Inflation and Monetary Policy
Generally, inflation is defined as the rise on the overall level of prices. It is often considered as a negative economic phenomenon because a rise in the prices of commodities puts pressure on the purchasing power of the households’ disposable income. Further, it also affects the net present value of savings and discourages investments. In extreme cases, high inflation causes social unrest when not immediately resolved (Jahan, 2012).
The most common tool being used by central banks to regulate inflation rate is the existing market interest rates. This is due to the fact that inflation rate and interest rate tend to move in opposite directions. A central bank will either increase or decrease the existing interest rate depending on the behavior of inflation rate (Jahan, 2012).
All countries set a low single digit inflation targets. Zero is not recommended as an inflation rate value since it inhibits the real interest rates to fall sufficiently and thus stimulate aggregate demand. It hampers the objective of the central government to boost the economy.

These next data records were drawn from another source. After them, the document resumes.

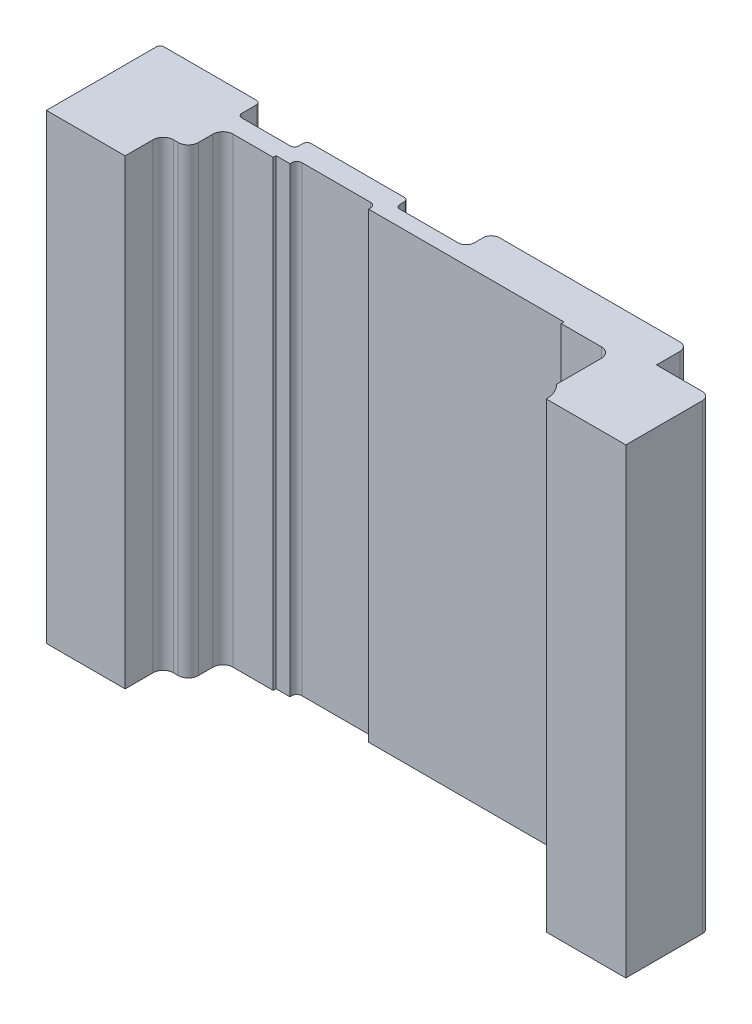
ISO-10303-21;
HEADER;
FILE_DESCRIPTION(('STEP AP214'),'2;1');
FILE_NAME('part.step','',(''),(''),'','','');
FILE_SCHEMA(('AUTOMOTIVE_DESIGN { 1 0 10303 214 1 1 1 1 }'));
ENDSEC;
DATA;
#1=APPLICATION_CONTEXT('core data for automotive mechanical design processes');
#2=APPLICATION_PROTOCOL_DEFINITION('international standard','automotive_design',2000,#1);
#3=PRODUCT_CONTEXT('',#1,'mechanical');
#4=PRODUCT('Part','Part','',(#3));
#5=PRODUCT_RELATED_PRODUCT_CATEGORY('part','',(#4));
#6=PRODUCT_DEFINITION_FORMATION('','',#4);
#7=PRODUCT_DEFINITION_CONTEXT('part definition',#1,'design');
#8=PRODUCT_DEFINITION('design','',#6,#7);
#9=PRODUCT_DEFINITION_SHAPE('','',#8);
#10=(LENGTH_UNIT() NAMED_UNIT(*) SI_UNIT(.MILLI.,.METRE.));
#11=(NAMED_UNIT(*) PLANE_ANGLE_UNIT() SI_UNIT($,.RADIAN.));
#12=(NAMED_UNIT(*) SI_UNIT($,.STERADIAN.) SOLID_ANGLE_UNIT());
#13=UNCERTAINTY_MEASURE_WITH_UNIT(LENGTH_MEASURE(1.E-05),#10,'distance_accuracy_value','');
#14=(GEOMETRIC_REPRESENTATION_CONTEXT(3) GLOBAL_UNCERTAINTY_ASSIGNED_CONTEXT((#13)) GLOBAL_UNIT_ASSIGNED_CONTEXT((#10,
#11,#12)) REPRESENTATION_CONTEXT('',''));
#15=CARTESIAN_POINT('',(0.,0.,0.));
#16=DIRECTION('',(0.,0.,1.));
#17=DIRECTION('',(1.,0.,0.));
#18=AXIS2_PLACEMENT_3D('',#15,#16,#17);
#19=CARTESIAN_POINT('',(46.0756,-165.055575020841,-1.1644034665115E-08));
#20=DIRECTION('',(0.,-7.05461458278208E-11,1.));
#21=DIRECTION('',(0.,-1.,-7.05461458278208E-11));
#22=AXIS2_PLACEMENT_3D('',#19,#20,#21);
#23=PLANE('',#22);
#24=DIRECTION('',(1.,0.,0.));
#25=VECTOR('',#24,1.);
#26=CARTESIAN_POINT('',(46.0756,3.175,2.23984013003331E-10));
#27=LINE('',#26,#25);
#28=CARTESIAN_POINT('',(124.459999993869,3.175,2.23984015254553E-10));
#29=VERTEX_POINT('',#28);
#30=CARTESIAN_POINT('',(136.9314,3.175,2.23984013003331E-10));
#31=VERTEX_POINT('',#30);
#32=EDGE_CURVE('E453',#29,#31,#27,.T.);
#33=ORIENTED_EDGE('',*,*,#32,.F.);
#34=DIRECTION('',(0.,1.,7.05461458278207E-11));
#35=VECTOR('',#34,1.);
#36=CARTESIAN_POINT('',(124.46,-52.7424995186,-3.72078006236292E-09));
#37=LINE('',#36,#35);
#38=CARTESIAN_POINT('',(124.46,-69.215,-4.88285148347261E-09));
#39=VERTEX_POINT('',#38);
#40=EDGE_CURVE('E392',#29,#39,#37,.F.);
#41=ORIENTED_EDGE('',*,*,#40,.T.);
#42=DIRECTION('',(-1.,0.,0.));
#43=VECTOR('',#42,1.);
#44=CARTESIAN_POINT('',(46.0756,-69.215,-4.88285148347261E-09));
#45=LINE('',#44,#43);
#46=CARTESIAN_POINT('',(136.9314,-69.215,-4.88285148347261E-09));
#47=VERTEX_POINT('',#46);
#48=EDGE_CURVE('E583',#47,#39,#45,.T.);
#49=ORIENTED_EDGE('',*,*,#48,.F.);
#50=DIRECTION('',(0.,1.,7.05461458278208E-11));
#51=VECTOR('',#50,1.);
#52=CARTESIAN_POINT('',(136.9314,-165.055575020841,-1.1644034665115E-08));
#53=LINE('',#52,#51);
#54=EDGE_CURVE('E579',#47,#31,#53,.T.);
#55=ORIENTED_EDGE('',*,*,#54,.T.);
#56=EDGE_LOOP('',(#33,#41,#49,#55));
#57=FACE_BOUND('',#56,.T.);
#58=ADVANCED_FACE('F16',(#57),#23,.T.);
#59=CARTESIAN_POINT('',(46.0756,-165.055575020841,-1.1644034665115E-08));
#60=DIRECTION('',(-1.,0.,0.));
#61=DIRECTION('',(0.,-1.,0.));
#62=AXIS2_PLACEMENT_3D('',#59,#60,#61);
#63=PLANE('',#62);
#64=DIRECTION('',(0.,7.0543744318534E-11,-1.));
#65=VECTOR('',#64,1.);
#66=CARTESIAN_POINT('',(46.0756,-69.215,-4.88308164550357E-09));
#67=LINE('',#66,#65);
#68=CARTESIAN_POINT('',(46.0756,-69.215,-4.88285148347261E-09));
#69=VERTEX_POINT('',#68);
#70=CARTESIAN_POINT('',(46.0756,-69.2149999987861,-17.2085000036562));
#71=VERTEX_POINT('',#70);
#72=EDGE_CURVE('E460',#69,#71,#67,.T.);
#73=ORIENTED_EDGE('',*,*,#72,.F.);
#74=DIRECTION('',(0.,1.,7.05461458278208E-11));
#75=VECTOR('',#74,1.);
#76=CARTESIAN_POINT('',(46.0756,-165.055575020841,-1.1644034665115E-08));
#77=LINE('',#76,#75);
#78=CARTESIAN_POINT('',(46.0756,3.175,2.23984013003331E-10));
#79=VERTEX_POINT('',#78);
#80=EDGE_CURVE('E531',#69,#79,#77,.T.);
#81=ORIENTED_EDGE('',*,*,#80,.T.);
#82=DIRECTION('',(0.,-7.05461438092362E-11,1.));
#83=VECTOR('',#82,1.);
#84=CARTESIAN_POINT('',(46.0756,3.175,2.23984013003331E-10));
#85=LINE('',#84,#83);
#86=CARTESIAN_POINT('',(46.0756,3.17500000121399,-17.2084999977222));
#87=VERTEX_POINT('',#86);
#88=EDGE_CURVE('E449',#87,#79,#85,.T.);
#89=ORIENTED_EDGE('',*,*,#88,.F.);
#90=DIRECTION('',(0.,1.,7.05461458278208E-11));
#91=VECTOR('',#90,1.);
#92=CARTESIAN_POINT('',(46.0756,-165.055575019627,-17.2085000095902));
#93=LINE('',#92,#91);
#94=EDGE_CURVE('E532',#71,#87,#93,.T.);
#95=ORIENTED_EDGE('',*,*,#94,.F.);
#96=EDGE_LOOP('',(#73,#81,#89,#95));
#97=FACE_BOUND('',#96,.T.);
#98=ADVANCED_FACE('F18',(#97),#63,.T.);
#99=CARTESIAN_POINT('',(46.7106,-165.055575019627,-17.2085000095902));
#100=DIRECTION('',(0.,1.,7.05461458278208E-11));
#101=DIRECTION('',(0.,-7.05461458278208E-11,1.));
#102=AXIS2_PLACEMENT_3D('',#99,#100,#101);
#103=CYLINDRICAL_SURFACE('',#102,0.635);
#104=CARTESIAN_POINT('',(46.7106,-69.2149999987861,-17.208500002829));
#105=DIRECTION('',(0.,1.,7.0543744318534E-11));
#106=DIRECTION('',(0.,-7.0543744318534E-11,1.));
#107=AXIS2_PLACEMENT_3D('',#104,#105,#106);
#108=CIRCLE('',#107,0.635);
#109=CARTESIAN_POINT('',(46.7106,-69.2149999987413,-17.843500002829));
#110=VERTEX_POINT('',#109);
#111=EDGE_CURVE('E653',#71,#110,#108,.F.);
#112=ORIENTED_EDGE('',*,*,#111,.F.);
#113=ORIENTED_EDGE('',*,*,#94,.T.);
#114=CARTESIAN_POINT('',(46.7106,3.17500000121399,-17.2084999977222));
#115=DIRECTION('',(0.,1.,7.05461458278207E-11));
#116=DIRECTION('',(0.,7.05461458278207E-11,-1.));
#117=AXIS2_PLACEMENT_3D('',#114,#115,#116);
#118=CIRCLE('',#117,0.635);
#119=CARTESIAN_POINT('',(46.7106,3.17500000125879,-17.8434999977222));
#120=VERTEX_POINT('',#119);
#121=EDGE_CURVE('E529',#120,#87,#118,.T.);
#122=ORIENTED_EDGE('',*,*,#121,.F.);
#123=DIRECTION('',(0.,1.,7.05461458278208E-11));
#124=VECTOR('',#123,1.);
#125=CARTESIAN_POINT('',(46.7106,-165.055575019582,-17.8435000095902));
#126=LINE('',#125,#124);
#127=EDGE_CURVE('E535',#110,#120,#126,.T.);
#128=ORIENTED_EDGE('',*,*,#127,.F.);
#129=EDGE_LOOP('',(#112,#113,#122,#128));
#130=FACE_BOUND('',#129,.T.);
#131=ADVANCED_FACE('F709',(#130),#103,.T.);
#132=CARTESIAN_POINT('',(46.7106,-165.055575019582,-17.8435000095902));
#133=DIRECTION('',(0.,7.05461458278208E-11,-1.));
#134=DIRECTION('',(0.,1.,7.05461458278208E-11));
#135=AXIS2_PLACEMENT_3D('',#132,#133,#134);
#136=PLANE('',#135);
#137=DIRECTION('',(1.,0.,0.));
#138=VECTOR('',#137,1.);
#139=CARTESIAN_POINT('',(46.7106,-69.2149999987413,-17.843500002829));
#140=LINE('',#139,#138);
#141=CARTESIAN_POINT('',(61.1632000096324,-69.2149999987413,-17.843500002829));
#142=VERTEX_POINT('',#141);
#143=EDGE_CURVE('E655',#110,#142,#140,.T.);
#144=ORIENTED_EDGE('',*,*,#143,.F.);
#145=ORIENTED_EDGE('',*,*,#127,.T.);
#146=DIRECTION('',(-1.,0.,0.));
#147=VECTOR('',#146,1.);
#148=CARTESIAN_POINT('',(46.7106,3.17500000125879,-17.8434999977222));
#149=LINE('',#148,#147);
#150=CARTESIAN_POINT('',(61.1632000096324,3.17500000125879,-17.8434999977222));
#151=VERTEX_POINT('',#150);
#152=EDGE_CURVE('E526',#151,#120,#149,.T.);
#153=ORIENTED_EDGE('',*,*,#152,.F.);
#154=DIRECTION('',(0.,1.,7.05461458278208E-11));
#155=VECTOR('',#154,1.);
#156=CARTESIAN_POINT('',(61.1632000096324,-165.055575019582,-17.8435000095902));
#157=LINE('',#156,#155);
#158=EDGE_CURVE('E537',#142,#151,#157,.T.);
#159=ORIENTED_EDGE('',*,*,#158,.F.);
#160=EDGE_LOOP('',(#144,#145,#153,#159));
#161=FACE_BOUND('',#160,.T.);
#162=ADVANCED_FACE('F802',(#161),#136,.T.);
#163=CARTESIAN_POINT('',(61.1632000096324,-165.055575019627,-17.2085000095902));
#164=DIRECTION('',(0.,1.,7.05461458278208E-11));
#165=DIRECTION('',(0.,-7.05461458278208E-11,1.));
#166=AXIS2_PLACEMENT_3D('',#163,#164,#165);
#167=CYLINDRICAL_SURFACE('',#166,0.635);
#168=CARTESIAN_POINT('',(61.1632000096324,-69.2149999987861,-17.208500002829));
#169=DIRECTION('',(0.,1.,7.0543744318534E-11));
#170=DIRECTION('',(0.,-7.0543744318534E-11,1.));
#171=AXIS2_PLACEMENT_3D('',#168,#169,#170);
#172=CIRCLE('',#171,0.635);
#173=CARTESIAN_POINT('',(61.7982000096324,-69.2149999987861,-17.2085000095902));
#174=VERTEX_POINT('',#173);
#175=EDGE_CURVE('E657',#142,#174,#172,.F.);
#176=ORIENTED_EDGE('',*,*,#175,.F.);
#177=ORIENTED_EDGE('',*,*,#158,.T.);
#178=CARTESIAN_POINT('',(61.1632000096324,3.17500000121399,-17.2084999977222));
#179=DIRECTION('',(0.,1.,7.05461458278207E-11));
#180=DIRECTION('',(0.,-7.05461458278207E-11,1.));
#181=AXIS2_PLACEMENT_3D('',#178,#179,#180);
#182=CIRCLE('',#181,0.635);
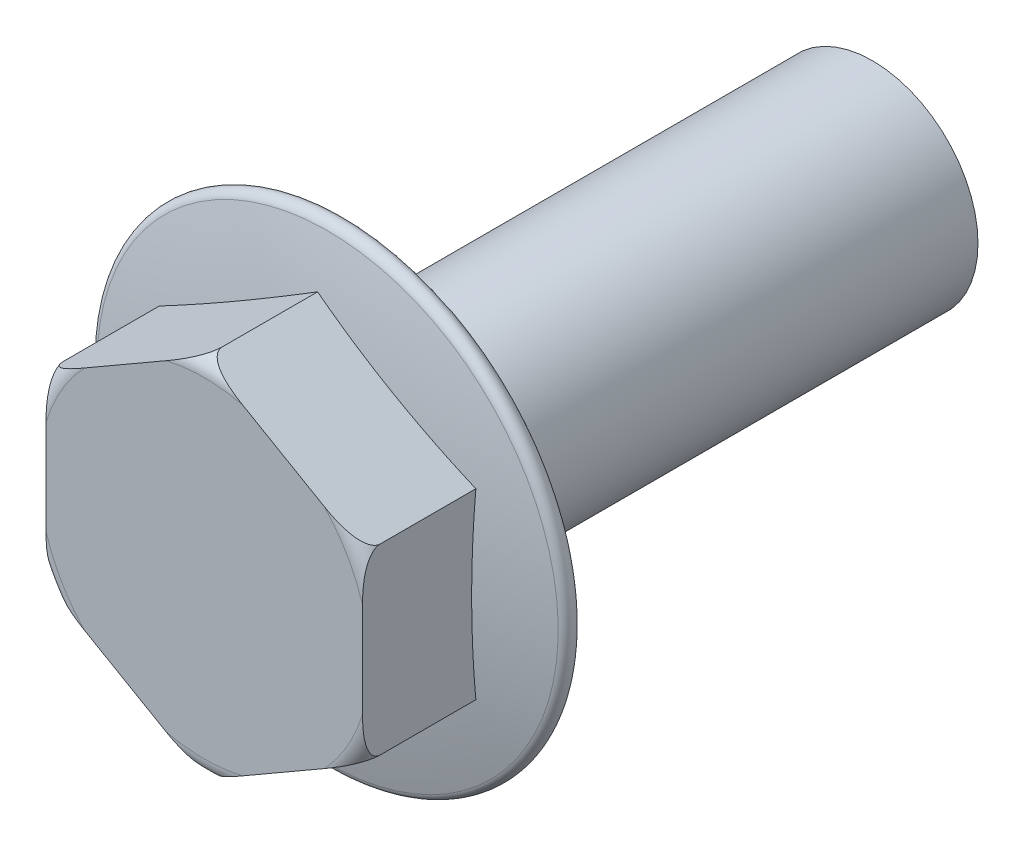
ISO-10303-21;
HEADER;
FILE_DESCRIPTION(('STEP AP214'),'2;1');
FILE_NAME('part.step','',(''),(''),'','','');
FILE_SCHEMA(('AUTOMOTIVE_DESIGN { 1 0 10303 214 1 1 1 1 }'));
ENDSEC;
DATA;
#1=APPLICATION_CONTEXT('core data for automotive mechanical design processes');
#2=APPLICATION_PROTOCOL_DEFINITION('international standard','automotive_design',2000,#1);
#3=PRODUCT_CONTEXT('',#1,'mechanical');
#4=PRODUCT('Part','Part','',(#3));
#5=PRODUCT_RELATED_PRODUCT_CATEGORY('part','',(#4));
#6=PRODUCT_DEFINITION_FORMATION('','',#4);
#7=PRODUCT_DEFINITION_CONTEXT('part definition',#1,'design');
#8=PRODUCT_DEFINITION('design','',#6,#7);
#9=PRODUCT_DEFINITION_SHAPE('','',#8);
#10=(LENGTH_UNIT() NAMED_UNIT(*) SI_UNIT(.MILLI.,.METRE.));
#11=(NAMED_UNIT(*) PLANE_ANGLE_UNIT() SI_UNIT($,.RADIAN.));
#12=(NAMED_UNIT(*) SI_UNIT($,.STERADIAN.) SOLID_ANGLE_UNIT());
#13=UNCERTAINTY_MEASURE_WITH_UNIT(LENGTH_MEASURE(1.E-05),#10,'distance_accuracy_value','');
#14=(GEOMETRIC_REPRESENTATION_CONTEXT(3) GLOBAL_UNCERTAINTY_ASSIGNED_CONTEXT((#13)) GLOBAL_UNIT_ASSIGNED_CONTEXT((#10,
#11,#12)) REPRESENTATION_CONTEXT('',''));
#15=CARTESIAN_POINT('',(0.,0.,0.));
#16=DIRECTION('',(0.,0.,1.));
#17=DIRECTION('',(1.,0.,0.));
#18=AXIS2_PLACEMENT_3D('',#15,#16,#17);
#19=CARTESIAN_POINT('',(-17.9999999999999,0.,0.));
#20=DIRECTION('',(0.,0.,1.));
#21=DIRECTION('',(1.,0.,0.));
#22=AXIS2_PLACEMENT_3D('',#19,#20,#21);
#23=PLANE('',#22);
#24=CARTESIAN_POINT('',(0.,0.,0.));
#25=DIRECTION('',(0.,0.,-1.));
#26=DIRECTION('',(-1.,0.,0.));
#27=AXIS2_PLACEMENT_3D('',#24,#25,#26);
#28=CIRCLE('',#27,13.);
#29=CARTESIAN_POINT('',(-13.,0.,0.));
#30=VERTEX_POINT('',#29);
#31=EDGE_CURVE('E216',#30,#30,#28,.T.);
#32=ORIENTED_EDGE('',*,*,#31,.T.);
#33=EDGE_LOOP('',(#32));
#34=FACE_BOUND('',#33,.T.);
#35=CARTESIAN_POINT('',(0.,0.,0.));
#36=DIRECTION('',(0.,0.,1.));
#37=DIRECTION('',(1.,0.,0.));
#38=AXIS2_PLACEMENT_3D('',#35,#36,#37);
#39=CIRCLE('',#38,6.);
#40=CARTESIAN_POINT('',(6.,0.,0.));
#41=VERTEX_POINT('',#40);
#42=EDGE_CURVE('E11',#41,#41,#39,.F.);
#43=ORIENTED_EDGE('',*,*,#42,.F.);
#44=EDGE_LOOP('',(#43));
#45=FACE_BOUND('',#44,.T.);
#46=ADVANCED_FACE('F35',(#34,#45),#23,.F.);
#47=CARTESIAN_POINT('',(-8.99999999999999,5.19615242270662,8.));
#48=DIRECTION('',(-0.500000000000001,0.866025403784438,0.));
#49=DIRECTION('',(-0.866025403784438,-0.500000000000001,0.));
#50=AXIS2_PLACEMENT_3D('',#47,#48,#49);
#51=PLANE('',#50);
#52=DIRECTION('',(0.,0.,-1.));
#53=VECTOR('',#52,1.);
#54=CARTESIAN_POINT('',(-8.99999999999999,5.19615242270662,8.));
#55=LINE('',#54,#53);
#56=CARTESIAN_POINT('',(-8.99999999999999,5.19615242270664,7.));
#57=VERTEX_POINT('',#56);
#58=CARTESIAN_POINT('',(-8.99999999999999,5.19615242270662,1.5544656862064));
#59=VERTEX_POINT('',#58);
#60=EDGE_CURVE('E159',#57,#59,#55,.T.);
#61=ORIENTED_EDGE('',*,*,#60,.F.);
#62=CARTESIAN_POINT('',(-8.99999996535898,5.19615244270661,6.9998));
#63=CARTESIAN_POINT('',(-9.00007287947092,5.19611034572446,7.029848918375));
#64=CARTESIAN_POINT('',(-8.99767862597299,5.19749266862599,7.05982019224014));
#65=CARTESIAN_POINT('',(-8.98850257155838,5.20279046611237,7.11859397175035));
#66=CARTESIAN_POINT('',(-8.98175951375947,5.20668357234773,7.14740443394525));
#67=CARTESIAN_POINT('',(-8.96444157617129,5.21668208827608,7.20331461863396));
#68=CARTESIAN_POINT('',(-8.9538781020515,5.22278091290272,7.23041915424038));
#69=CARTESIAN_POINT('',(-8.92959708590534,5.2367995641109,7.28271798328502));
#70=CARTESIAN_POINT('',(-8.91587225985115,5.24472359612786,7.30790768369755));
#71=CARTESIAN_POINT('',(-8.87565276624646,5.2679443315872,7.37277634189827));
#72=CARTESIAN_POINT('',(-8.84685473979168,5.284570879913,7.41054770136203));
#73=CARTESIAN_POINT('',(-8.78459083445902,5.32051896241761,7.48054821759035));
#74=CARTESIAN_POINT('',(-8.75111183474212,5.33984807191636,7.51276120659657));
#75=CARTESIAN_POINT('',(-8.68544005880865,5.37776368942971,7.56861879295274));
#76=CARTESIAN_POINT('',(-8.6536025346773,5.39614509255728,7.59283056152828));
#77=CARTESIAN_POINT('',(-8.58823418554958,5.43388552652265,7.63801467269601));
#78=CARTESIAN_POINT('',(-8.55470201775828,5.45324533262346,7.65898439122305));
#79=CARTESIAN_POINT('',(-8.45224102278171,5.51240121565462,7.71771260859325));
#80=CARTESIAN_POINT('',(-8.38150186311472,5.55324248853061,7.75124717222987));
#81=CARTESIAN_POINT('',(-8.21440824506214,5.64971403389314,7.81911493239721));
#82=CARTESIAN_POINT('',(-8.11712022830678,5.70588329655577,7.8502491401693));
#83=CARTESIAN_POINT('',(-7.92033363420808,5.81949808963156,7.90172042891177));
#84=CARTESIAN_POINT('',(-7.82083101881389,5.87694595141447,7.92203575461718));
#85=CARTESIAN_POINT('',(-7.62035493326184,5.99269087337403,7.95462087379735));
#86=CARTESIAN_POINT('',(-7.51937648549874,6.05099080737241,7.96684790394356));
#87=CARTESIAN_POINT('',(-7.31712668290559,6.16775978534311,7.98512017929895));
#88=CARTESIAN_POINT('',(-7.21585569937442,6.22622861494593,7.99117131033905));
#89=CARTESIAN_POINT('',(-7.00542391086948,6.34772146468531,7.99898077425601));
#90=CARTESIAN_POINT('',(-6.89625413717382,6.41075066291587,8.00037396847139));
#91=CARTESIAN_POINT('',(-6.67792056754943,6.53680560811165,7.99946115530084));
#92=CARTESIAN_POINT('',(-6.56875677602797,6.59983135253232,7.9971544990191));
#93=CARTESIAN_POINT('',(-6.35039182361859,6.72590441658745,7.99021146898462));
#94=CARTESIAN_POINT('',(-6.24119071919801,6.78895170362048,7.98557297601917));
#95=CARTESIAN_POINT('',(-6.02282749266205,6.91502377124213,7.9751824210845));
#96=CARTESIAN_POINT('',(-5.91366537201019,6.9780485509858,7.96943032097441));
#97=CARTESIAN_POINT('',(-5.69574393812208,7.10386554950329,7.95791669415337));
#98=CARTESIAN_POINT('',(-5.58698462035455,7.16665777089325,7.95215527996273));
#99=CARTESIAN_POINT('',(-5.36943563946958,7.29225973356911,7.94152756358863));
#100=CARTESIAN_POINT('',(-5.2606459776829,7.3550694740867,7.93666122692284));
#101=CARTESIAN_POINT('',(-5.04308077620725,7.48068080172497,7.92856042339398));
#102=CARTESIAN_POINT('',(-4.93430526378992,7.54348237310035,7.92532502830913));
#103=CARTESIAN_POINT('',(-4.71672313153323,7.6691034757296,7.92095876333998));
#104=CARTESIAN_POINT('',(-4.60791651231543,7.73192300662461,7.91982785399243));
#105=CARTESIAN_POINT('',(-4.37501520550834,7.8663886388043,7.91984376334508));
#106=CARTESIAN_POINT('',(-4.25092044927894,7.93803477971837,7.92133293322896));
#107=CARTESIAN_POINT('',(-4.00275818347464,8.08131133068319,7.926995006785));
#108=CARTESIAN_POINT('',(-3.87869068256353,8.1529417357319,7.93116838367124));
#109=CARTESIAN_POINT('',(-3.63048770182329,8.29624179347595,7.94140237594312));
#110=CARTESIAN_POINT('',(-3.50635228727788,8.36791140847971,7.94746496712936));
#111=CARTESIAN_POINT('',(-3.25811466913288,8.51123146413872,7.96027024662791));
#112=CARTESIAN_POINT('',(-3.13401246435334,8.58288190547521,7.967012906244));
#113=CARTESIAN_POINT('',(-2.84605021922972,8.74913698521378,7.98172571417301));
#114=CARTESIAN_POINT('',(-2.68217823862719,8.84374851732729,7.98939801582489));
#115=CARTESIAN_POINT('',(-2.35416731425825,9.03312571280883,7.99935024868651));
#116=CARTESIAN_POINT('',(-2.19002827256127,9.12789143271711,8.00162716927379));
#117=CARTESIAN_POINT('',(-1.9420352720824,9.27107025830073,7.99726083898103));
#118=CARTESIAN_POINT('',(-1.85813934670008,9.31950759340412,7.99443244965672));
#119=CARTESIAN_POINT('',(-1.69049738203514,9.41629572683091,7.98525843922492));
#120=CARTESIAN_POINT('',(-1.60675131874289,9.46464653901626,7.97891344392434));
#121=CARTESIAN_POINT('',(-1.43969419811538,9.56109701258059,7.96176565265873));
#122=CARTESIAN_POINT('',(-1.35638272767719,9.60919691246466,7.95096844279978));
#123=CARTESIAN_POINT('',(-1.19047014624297,9.70498658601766,7.92373472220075));
#124=CARTESIAN_POINT('',(-1.10786869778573,9.7526765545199,7.90730106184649));
#125=CARTESIAN_POINT('',(-0.944473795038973,9.84701264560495,7.86737450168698));
#126=CARTESIAN_POINT('',(-0.863672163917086,9.89366348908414,7.84392734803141));
#127=CARTESIAN_POINT('',(-0.704335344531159,9.98565664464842,7.78782460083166));
#128=CARTESIAN_POINT('',(-0.625801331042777,10.0309982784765,7.75516432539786));
#129=CARTESIAN_POINT('',(-0.491369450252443,10.1086125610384,7.68681545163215));
#130=CARTESIAN_POINT('',(-0.434513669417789,10.1414382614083,7.65367356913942));
#131=CARTESIAN_POINT('',(-0.32542631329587,10.2044198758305,7.57839869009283));
#132=CARTESIAN_POINT('',(-0.273181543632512,10.2345834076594,7.53629260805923));
#133=CARTESIAN_POINT('',(-0.198501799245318,10.2776997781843,7.4622197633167));
#134=CARTESIAN_POINT('',(-0.173187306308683,10.2923151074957,7.43414444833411));
#135=CARTESIAN_POINT('',(-0.126125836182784,10.3194860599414,7.37420275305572));
#136=CARTESIAN_POINT('',(-0.104376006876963,10.3320433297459,7.34233943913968));
#137=CARTESIAN_POINT('',(-0.0693738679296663,10.3522518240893,7.28093034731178));
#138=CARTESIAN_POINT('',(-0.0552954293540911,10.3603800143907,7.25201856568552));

In terms of the effect of inflation rate to monetary policy, the central bank forecasts the path of inflation in the next 5-10 years and compare it with the target inflation. The difference between the forecasted inflation rate and the targeted inflation rate serves as the basis on the adjustment that has to be done in the monetary policy.
Inflation targeting is advantageous since it is a combination of the “rules” and “discretion” in the monetary policy. These two elements include the precise numerical target for inflation in the medium term and a corresponding responding to potential economic shocks in the short-term (2 to 3-year horizon). With this in mind, central banks focus on inflation target on the medium term and not at all times. This framework gives the central bank the opportunity to address their other objectives such as smoothing output over the short run period.
Recent studies show that in emerging economies, inflation targeting is relatively more effective than other monetary policies in anchoring public inflation expectations. It also appeared that countries which anchored their monetary policy on inflation targeting are more effective in dealing with the recent financial crises (Jahan, 2012).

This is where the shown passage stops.